I think i will end up in the middle. My boyfriend and i are on a wait list for a puppy. We do not plan on having kids so the dogs will be our kids in a way. I always thought people who put their dogs in strollers and such were silly, but have been considering buying one because i love to run and 'was told you shouldn't run with a puppy till they are about a year old. (not sure after reading other posts if this is true) But my friends are now laughing at me. I think im going to become that person i used to think was silly.


----------



## Emoore (Oct 9, 2002)

I don't have kids and don't want them. Honestly don't much like them. My dogs fill that nurturing place for me. No, they don't have their own room and they don't get birthday parties, but I do have framed pictures of them in my house. I do take them to social occasions with their friends and they have organized sports practices. They are pampered but not spoiled. To me "spoiled" has the connotation of being bratty and getting anything they want and not being made to behave.


----------



## Liesje (Mar 4, 2007)

Germanshepherdlova said:


> I didn't mean to offend by the option just a dog. I meant that one considers him-not a child, not a human, but an animal-a dog (mans best friend)  I tried to rephrase it in the poll option but it won't let me edit.


That's still a little vague for me though. My dogs are not treated the same as other pets/animals. Likewise not all my dogs are treated the same as the other dogs, but that's getting really nit-picky.


----------



## Germanshepherdlova (Apr 16, 2011)

Emoore said:


> I don't have kids and don't want them. Honestly don't much like them. My dogs fill that nurturing place for me. No, they don't have their own room and they don't get birthday parties, but I do have framed pictures of them in my house.
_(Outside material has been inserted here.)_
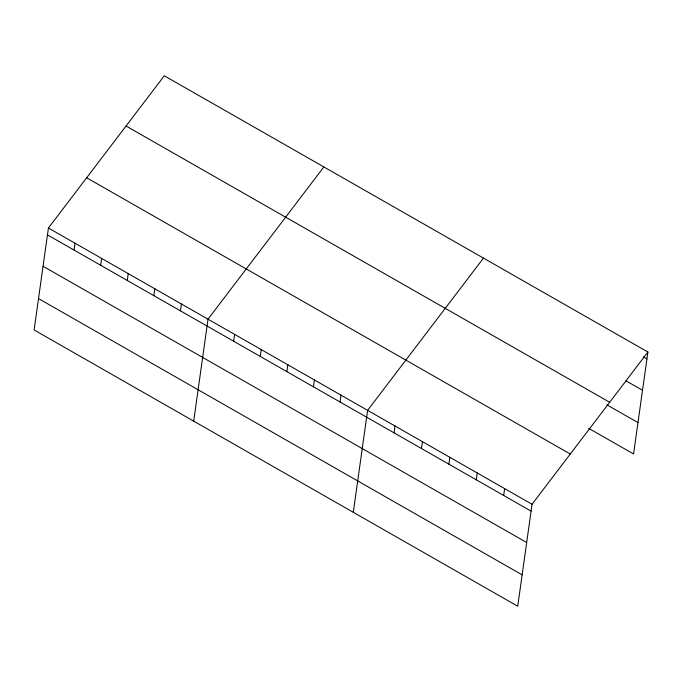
<?xml version="1.0" encoding="UTF-8"?>
<svg xmlns="http://www.w3.org/2000/svg" width="682" height="682" viewBox="0 0 682 682"><rect width="100%" height="100%" fill="white"/><g stroke="black" fill="none" stroke-linecap="round" stroke-linejoin="round"><path stroke-width="1.02" d="M48.431 228.027L34.1 329.969L517.723 606.221L532.045 504.279L647.9 352.031L164.277 75.779L48.431 228.027L532.045 504.279M74.065 250.072L75.029 243.218M100.663 265.264L101.627 258.41M127.261 280.455L128.225 273.61M153.859 295.656L154.823 288.801M180.457 310.847L181.421 303.993M193.697 421.135L208.019 319.185L323.873 166.945M233.662 341.23L234.625 334.385M260.26 356.43L261.223 349.576M286.858 371.622L287.821 364.768M313.456 386.813L314.419 379.959M340.054 402.005L341.017 395.159M353.293 512.293L367.615 410.351L483.47 258.103M394.06 432.857L395.023 426.003M421.467 448.509L422.431 441.655M448.867 464.169L449.83 457.315M476.275 479.821L477.238 472.967M503.683 495.473L504.646 488.619M647.9 352.031L633.569 453.973L588.813 428.407M643.279 356.797L646.937 358.885M626.085 380.871L642.529 390.266M126.051 126.017L609.665 402.269M606.92 404.852L637.985 422.593M86.657 177.78L570.28 454.033M47.467 234.881L531.082 511.125M43.051 266.261L526.674 542.505M38.507 298.588L522.131 574.841"/></g></svg>

I do take them to social occasions with their friends and they have organized sports practices. They are pampered but not spoiled. To me "spoiled" has the connotation of being bratty and getting anything they want and not being made to behave.


I define spoiled more as whining to get their way, and the owner giving into it. Not so much misbehaving because my sisters dobies have been taught manners and limits but I consider them spoiled because they whine for an extra treat or to be played with and they get their way.

Now my GSD-he is a spoiled brat. Your definition would probably define him pretty well.


----------



## onyx'girl (May 18, 2007)

GSDolch said:


> I picked just a dog to, but agree that its not in the sense of "oh its just a dog". lol.
> 
> He is part of the family, but he is still a dog. I always hope to be able to do anything for them, but my family and kids come first, always. So far I haven't had to choose and have been lucky to be able to do what I need to for my dog without it having to pick.


Same for me. Though my dogs are much more than "just a dog" and frankly, I enjoy spending time with them more than being around my teenage kids. 
Young children are much more pleasant to be around than teens!


----------



## crackem (Mar 29, 2006)

Dogs are part of my family. I think kids should be raised more like my dogs, there really isn't much difference in the training


----------



## Emoore (Oct 9, 2002)

I'm also the world's biggest Mama Bear when it comes to my boys. I'd totally be the mom at the soccer came, getting in a fistfight with the other parent who insulted my kid.


----------



## Germanshepherdlova (Apr 16, 2011)

Liesje said:


> That's still a little vague for me though. My dogs are not treated the same as other pets/animals. Likewise not all my dogs are treated the same as the other dogs, but that's getting really nit-picky.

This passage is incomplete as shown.